We have already seen most of what we are looking for, in the first part of this chapter: Condition-action rules are goals. They can be subgoals of higher-level goals – as in the case of a louse moving forward when it is clear ahead, for the higher-level goal of finding food or finding a mate. And they can be generalised, so that their conclusions also contain goals, and not just actions – as in the case of a louse deriving the goal of defending itself when it is attacked.

 

However, in this chapter, it was one agent, the louse designer, who used logic to reason about the condition-action rule behaviour of another agent, the louse. In the next chapter, we will see how the same agent can combine logical, goal-oriented reasoning and condition-action rule behaviour in the same reasoning mechanism.

 

 



[1] The words “whenever” and “when” are different ways of saying “if”, but with a temporal dimension. We will investigate temporal reasoning later.

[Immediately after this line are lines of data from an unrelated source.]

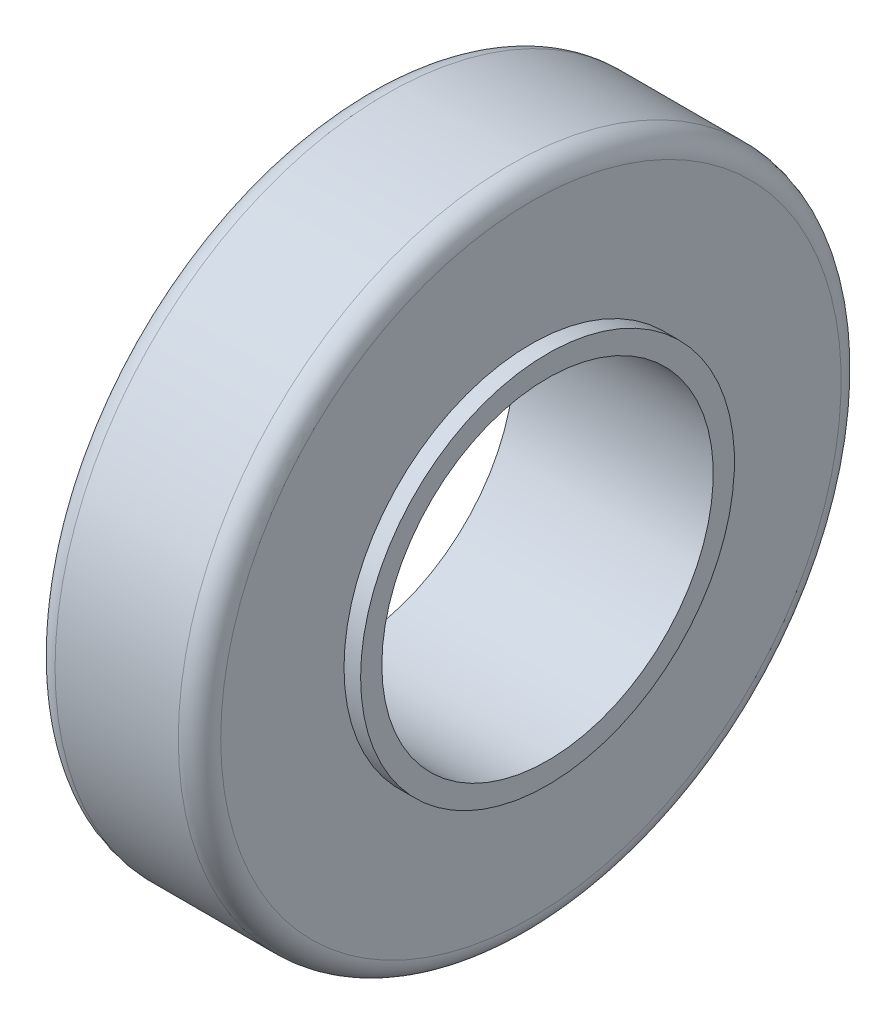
ISO-10303-21;
HEADER;
FILE_DESCRIPTION(('STEP AP214'),'2;1');
FILE_NAME('part.step','',(''),(''),'','','');
FILE_SCHEMA(('AUTOMOTIVE_DESIGN { 1 0 10303 214 1 1 1 1 }'));
ENDSEC;
DATA;
#1=APPLICATION_CONTEXT('core data for automotive mechanical design processes');
#2=APPLICATION_PROTOCOL_DEFINITION('international standard','automotive_design',2000,#1);
#3=PRODUCT_CONTEXT('',#1,'mechanical');
#4=PRODUCT('Part','Part','',(#3));
#5=PRODUCT_RELATED_PRODUCT_CATEGORY('part','',(#4));
#6=PRODUCT_DEFINITION_FORMATION('','',#4);
#7=PRODUCT_DEFINITION_CONTEXT('part definition',#1,'design');
#8=PRODUCT_DEFINITION('design','',#6,#7);
#9=PRODUCT_DEFINITION_SHAPE('','',#8);
#10=(LENGTH_UNIT() NAMED_UNIT(*) SI_UNIT(.MILLI.,.METRE.));
#11=(NAMED_UNIT(*) PLANE_ANGLE_UNIT() SI_UNIT($,.RADIAN.));
#12=(NAMED_UNIT(*) SI_UNIT($,.STERADIAN.) SOLID_ANGLE_UNIT());
#13=UNCERTAINTY_MEASURE_WITH_UNIT(LENGTH_MEASURE(1.E-05),#10,'distance_accuracy_value','');
#14=(GEOMETRIC_REPRESENTATION_CONTEXT(3) GLOBAL_UNCERTAINTY_ASSIGNED_CONTEXT((#13)) GLOBAL_UNIT_ASSIGNED_CONTEXT((#10,
#11,#12)) REPRESENTATION_CONTEXT('',''));
#15=CARTESIAN_POINT('',(0.,0.,0.));
#16=DIRECTION('',(0.,0.,1.));
#17=DIRECTION('',(1.,0.,0.));
#18=AXIS2_PLACEMENT_3D('',#15,#16,#17);
#19=CARTESIAN_POINT('',(-2.38125,4.47675,0.));
#20=DIRECTION('',(1.,0.,0.));
#21=DIRECTION('',(0.,0.,-1.));
#22=AXIS2_PLACEMENT_3D('',#19,#20,#21);
#23=PLANE('',#22);
#24=CARTESIAN_POINT('',(-2.38125,0.,0.));
#25=DIRECTION('',(-1.,0.,0.));
#26=DIRECTION('',(0.,0.,1.));
#27=AXIS2_PLACEMENT_3D('',#24,#25,#26);
#28=CIRCLE('',#27,3.96875);
#29=CARTESIAN_POINT('',(-2.38125,0.,3.96875));
#30=VERTEX_POINT('',#29);
#31=EDGE_CURVE('E52',#30,#30,#28,.T.);
#32=ORIENTED_EDGE('',*,*,#31,.F.);
#33=EDGE_LOOP('',(#32));
#34=FACE_BOUND('',#33,.T.);
#35=CARTESIAN_POINT('',(-2.38125,0.,0.));
#36=DIRECTION('',(-1.,0.,0.));
#37=DIRECTION('',(0.,0.,1.));
#38=AXIS2_PLACEMENT_3D('',#35,#36,#37);
#39=CIRCLE('',#38,4.47675);
#40=CARTESIAN_POINT('',(-2.38125,0.,4.47675));
#41=VERTEX_POINT('',#40);
#42=EDGE_CURVE('E67',#41,#41,#39,.T.);
#43=ORIENTED_EDGE('',*,*,#42,.T.);
#44=EDGE_LOOP('',(#43));
#45=FACE_BOUND('',#44,.T.);
#46=ADVANCED_FACE('F32',(#34,#45),#23,.F.);
#47=CARTESIAN_POINT('',(0.,0.,0.));
#48=DIRECTION('',(-1.,0.,0.));
#49=DIRECTION('',(0.,0.,1.));
#50=AXIS2_PLACEMENT_3D('',#47,#48,#49);
#51=CYLINDRICAL_SURFACE('',#50,3.96875);
#52=CARTESIAN_POINT('',(2.38125,0.,0.));
#53=DIRECTION('',(-1.,0.,0.));
#54=DIRECTION('',(0.,0.,1.));
#55=AXIS2_PLACEMENT_3D('',#52,#53,#54);
#56=CIRCLE('',#55,3.96875);
#57=CARTESIAN_POINT('',(2.38125,0.,3.96875));
#58=VERTEX_POINT('',#57);
#59=EDGE_CURVE('E55',#58,#58,#56,.T.);
#60=ORIENTED_EDGE('',*,*,#59,.F.);
#61=EDGE_LOOP('',(#60));
#62=FACE_BOUND('',#61,.T.);
#63=ORIENTED_EDGE('',*,*,#31,.T.);
#64=EDGE_LOOP('',(#63));
#65=FACE_BOUND('',#64,.T.);
#66=ADVANCED_FACE('F90',(#62,#65),#51,.F.);
#67=CARTESIAN_POINT('',(2.38125,3.96875,0.));
#68=DIRECTION('',(-1.,0.,0.));
#69=DIRECTION('',(0.,0.,1.));
#70=AXIS2_PLACEMENT_3D('',#67,#68,#69);
#71=PLANE('',#70);
#72=CARTESIAN_POINT('',(2.38125,0.,0.));
#73=DIRECTION('',(-1.,0.,0.));
#74=DIRECTION('',(0.,0.,1.));
#75=AXIS2_PLACEMENT_3D('',#72,#73,#74);
#76=CIRCLE('',#75,4.47675);
#77=CARTESIAN_POINT('',(2.38125,0.,4.47675));
#78=VERTEX_POINT('',#77);
#79=EDGE_CURVE('E58',#78,#78,#76,.T.);
#80=ORIENTED_EDGE('',*,*,#79,.F.);
#81=EDGE_LOOP('',(#80));
#82=FACE_BOUND('',#81,.T.);
#83=ORIENTED_EDGE('',*,*,#59,.T.);
#84=EDGE_LOOP('',(#83));
#85=FACE_BOUND('',#84,.T.);
#86=ADVANCED_FACE('F96',(#82,#85),#71,.F.);
#87=CARTESIAN_POINT('',(0.,0.,0.));
#88=DIRECTION('',(-1.,0.,0.));
#89=DIRECTION('',(0.,0.,1.));
#90=AXIS2_PLACEMENT_3D('',#87,#88,#89);
#91=CYLINDRICAL_SURFACE('',#90,4.47675);
#92=CARTESIAN_POINT('',(1.98374,0.,0.));
#93=DIRECTION('',(-1.,0.,0.));
#94=DIRECTION('',(0.,0.,1.));
#95=AXIS2_PLACEMENT_3D('',#92,#93,#94);
#96=CIRCLE('',#95,4.47675);
#97=CARTESIAN_POINT('',(1.98374,0.,4.47675));
#98=VERTEX_POINT('',#97);
#99=EDGE_CURVE('E61',#98,#98,#96,.T.);
#100=ORIENTED_EDGE('',*,*,#99,.F.);
#101=EDGE_LOOP('',(#100));
#102=FACE_BOUND('',#101,.T.);
#103=ORIENTED_EDGE('',*,*,#79,.T.);
#104=EDGE_LOOP('',(#103));
#105=FACE_BOUND('',#104,.T.);
#106=ADVANCED_FACE('F138',(#102,#105),#91,.T.);
#107=CARTESIAN_POINT('',(1.98374,4.47675,0.));
#108=DIRECTION('',(-1.,0.,0.));
#109=DIRECTION('',(0.,0.,1.));
#110=AXIS2_PLACEMENT_3D('',#107,#108,#109);
#111=PLANE('',#110);
#112=CARTESIAN_POINT('',(1.98374,0.,0.));
#113=DIRECTION('',(-1.,0.,0.));
#114=DIRECTION('',(0.,0.,1.));
#115=AXIS2_PLACEMENT_3D('',#112,#113,#114);
#116=CIRCLE('',#115,7.4295);
#117=CARTESIAN_POINT('',(1.98374,0.,7.4295));
#118=VERTEX_POINT('',#117);
#119=EDGE_CURVE('E10',#118,#118,#116,.F.);
#120=ORIENTED_EDGE('',*,*,#119,.T.);
#121=EDGE_LOOP('',(#120));
#122=FACE_BOUND('',#121,.T.);
#123=ORIENTED_EDGE('',*,*,#99,.T.);
#124=EDGE_LOOP('',(#123));
#125=FACE_BOUND('',#124,.T.);
#126=ADVANCED_FACE('F87',(#122,#125),#111,.F.);
#127=CARTESIAN_POINT('',(0.,0.,0.));
#128=DIRECTION('',(-1.,0.,0.));
#129=DIRECTION('',(0.,0.,1.));
#130=AXIS2_PLACEMENT_3D('',#127,#128,#129);
#131=CYLINDRICAL_SURFACE('',#130,7.9375);
#132=CARTESIAN_POINT('',(-1.47574,0.,0.));
#133=DIRECTION('',(1.,0.,0.));
#134=DIRECTION('',(0.,0.,-1.));
#135=AXIS2_PLACEMENT_3D('',#132,#133,#134);
#136=CIRCLE('',#135,7.9375);
#137=CARTESIAN_POINT('',(-1.47574,0.,-7.9375));
#138=VERTEX_POINT('',#137);
#139=EDGE_CURVE('E39',#138,#138,#136,.T.);
#140=ORIENTED_EDGE('',*,*,#139,.T.);
#141=EDGE_LOOP('',(#140));
#142=FACE_BOUND('',#141,.T.);
#143=CARTESIAN_POINT('',(1.47574,0.,0.));
#144=DIRECTION('',(-1.,0.,0.));
#145=DIRECTION('',(0.,0.,1.));
#146=AXIS2_PLACEMENT_3D('',#143,#144,#145);
#147=CIRCLE('',#146,7.9375);
#148=CARTESIAN_POINT('',(1.47574,0.,7.9375));
#149=VERTEX_POINT('',#148);
#150=EDGE_CURVE('E43',#149,#149,#147,.T.);
#151=ORIENTED_EDGE('',*,*,#150,.T.);
#152=EDGE_LOOP('',(#151));
#153=FACE_BOUND('',#152,.T.);
#154=ADVANCED_FACE('F81',(#142,#153),#131,.T.);
#155=CARTESIAN_POINT('',(-1.98374,7.9375,0.));
#156=DIRECTION('',(1.,0.,0.));
#157=DIRECTION('',(0.,0.,-1.));
#158=AXIS2_PLACEMENT_3D('',#155,#156,#157);
#159=PLANE('',#158);
#160=CARTESIAN_POINT('',(-1.98374,0.,0.));
#161=DIRECTION('',(1.,0.,0.));
#162=DIRECTION('',(0.,0.,-1.));
#163=AXIS2_PLACEMENT_3D('',#160,#161,#162);
#164=CIRCLE('',#163,7.4295);
#165=CARTESIAN_POINT('',(-1.98374,0.,-7.4295));
#166=VERTEX_POINT('',#165);
#167=EDGE_CURVE('E47',#166,#166,#164,.F.);
#168=ORIENTED_EDGE('',*,*,#167,.T.);
#169=EDGE_LOOP('',(#168));
#170=FACE_BOUND('',#169,.T.);
#171=CARTESIAN_POINT('',(-1.98374,0.,0.));
#172=DIRECTION('',(-1.,0.,0.));
#173=DIRECTION('',(0.,0.,1.));
#174=AXIS2_PLACEMENT_3D('',#171,#172,#173);
#175=CIRCLE('',#174,4.47675);
#176=CARTESIAN_POINT('',(-1.98374,0.,4.47675));
#177=VERTEX_POINT('',#176);
#178=EDGE_CURVE('E64',#177,#177,#175,.T.);
#179=ORIENTED_EDGE('',*,*,#178,.F.);
#180=EDGE_LOOP('',(#179));
#181=FACE_BOUND('',#180,.T.);
#182=ADVANCED_FACE('F76',(#170,#181),#159,.F.);
#183=CARTESIAN_POINT('',(0.,0.,0.));
#184=DIRECTION('',(-1.,0.,0.));
#185=DIRECTION('',(0.,0.,1.));
#186=AXIS2_PLACEMENT_3D('',#183,#184,#185);
#187=CYLINDRICAL_SURFACE('',#186,4.47675);
#188=ORIENTED_EDGE('',*,*,#42,.F.);
#189=EDGE_LOOP('',(#188));
#190=FACE_BOUND('',#189,.T.);
#191=ORIENTED_EDGE('',*,*,#178,.T.);
#192=EDGE_LOOP('',(#191));
#193=FACE_BOUND('',#192,.T.);
#194=ADVANCED_FACE('F72',(#190,#193),#187,.T.);
#195=CARTESIAN_POINT('',(-1.47574,0.,0.));
#196=DIRECTION('',(1.,0.,0.));
#197=DIRECTION('',(0.,0.,-1.));
#198=AXIS2_PLACEMENT_3D('',#195,#196,#197);
#199=TOROIDAL_SURFACE('',#198,7.4295,0.508);
#200=ORIENTED_EDGE('',*,*,#139,.F.);
#201=EDGE_LOOP('',(#200));
#202=FACE_BOUND('',#201,.T.);
#203=ORIENTED_EDGE('',*,*,#167,.F.);
#204=EDGE_LOOP('',(#203));
#205=FACE_BOUND('',#204,.T.);
#206=ADVANCED_FACE('F75',(#202,#205),#199,.T.);
#207=CARTESIAN_POINT('',(1.47574,0.,0.));
#208=DIRECTION('',(-1.,0.,0.));
#209=DIRECTION('',(0.,0.,1.));
#210=AXIS2_PLACEMENT_3D('',#207,#208,#209);
#211=TOROIDAL_SURFACE('',#210,7.4295,0.508);
#212=ORIENTED_EDGE('',*,*,#119,.F.);
#213=EDGE_LOOP('',(#212));
#214=FACE_BOUND('',#213,.T.);
#215=ORIENTED_EDGE('',*,*,#150,.F.);
#216=EDGE_LOOP('',(#215));
#217=FACE_BOUND('',#216,.T.);
#218=ADVANCED_FACE('F34',(#214,#217),#211,.T.);
#219=CLOSED_SHELL('',(#46,#66,#86,#106,#126,#154,#182,#194,#206,#218));
#220=MANIFOLD_SOLID_BREP('B2',#219);
#221=ADVANCED_BREP_SHAPE_REPRESENTATION('',(#18,#220),#14);
#222=SHAPE_DEFINITION_REPRESENTATION(#9,#221);
ENDSEC;
END-ISO-10303-21;

[2] This English sentence is ambiguous. However, the lack of a comma before “and if there is food ahead it eats it” is meant to suggest that this clause can not be read on its own, as a separate sentence. Instead, the clause inherits the extra condition “the louse is hungry” from the first part of the sentence. The same is true of the last sentence in this group of four sentences.

[3] To avoid going into detail, we assume that trying to make babies is an action sub-goal that the louse can execute directly without needing to reduce it to lower-level sub-goals.

 

[4] Although the imperative form of the rules is now in the right form for the louse to execute directly, it doesn’t mean that all of the louse’s problems are over. What should the louse do if it is tired and hungry at the same time? Or lustful and hungry? Or hungry and threatened with attack? Or tired and hungry and lustful and threatened with attack? It will be torn between resting, looking for food, finding a mate, attacking or running away. The louse needs to resolve the conflicts between competing actions, to decide what actions to perform.  In fact, it is possible to build the necessary conflict-resolution strategies into the rules themselves. But this is a topic for another occasion.

[5] This argument has been made compellingly, among others, by Rodney Brooks at MIT, who has implemented several generations of mindless, louse-like robots, which display remarkably intelligent behaviour.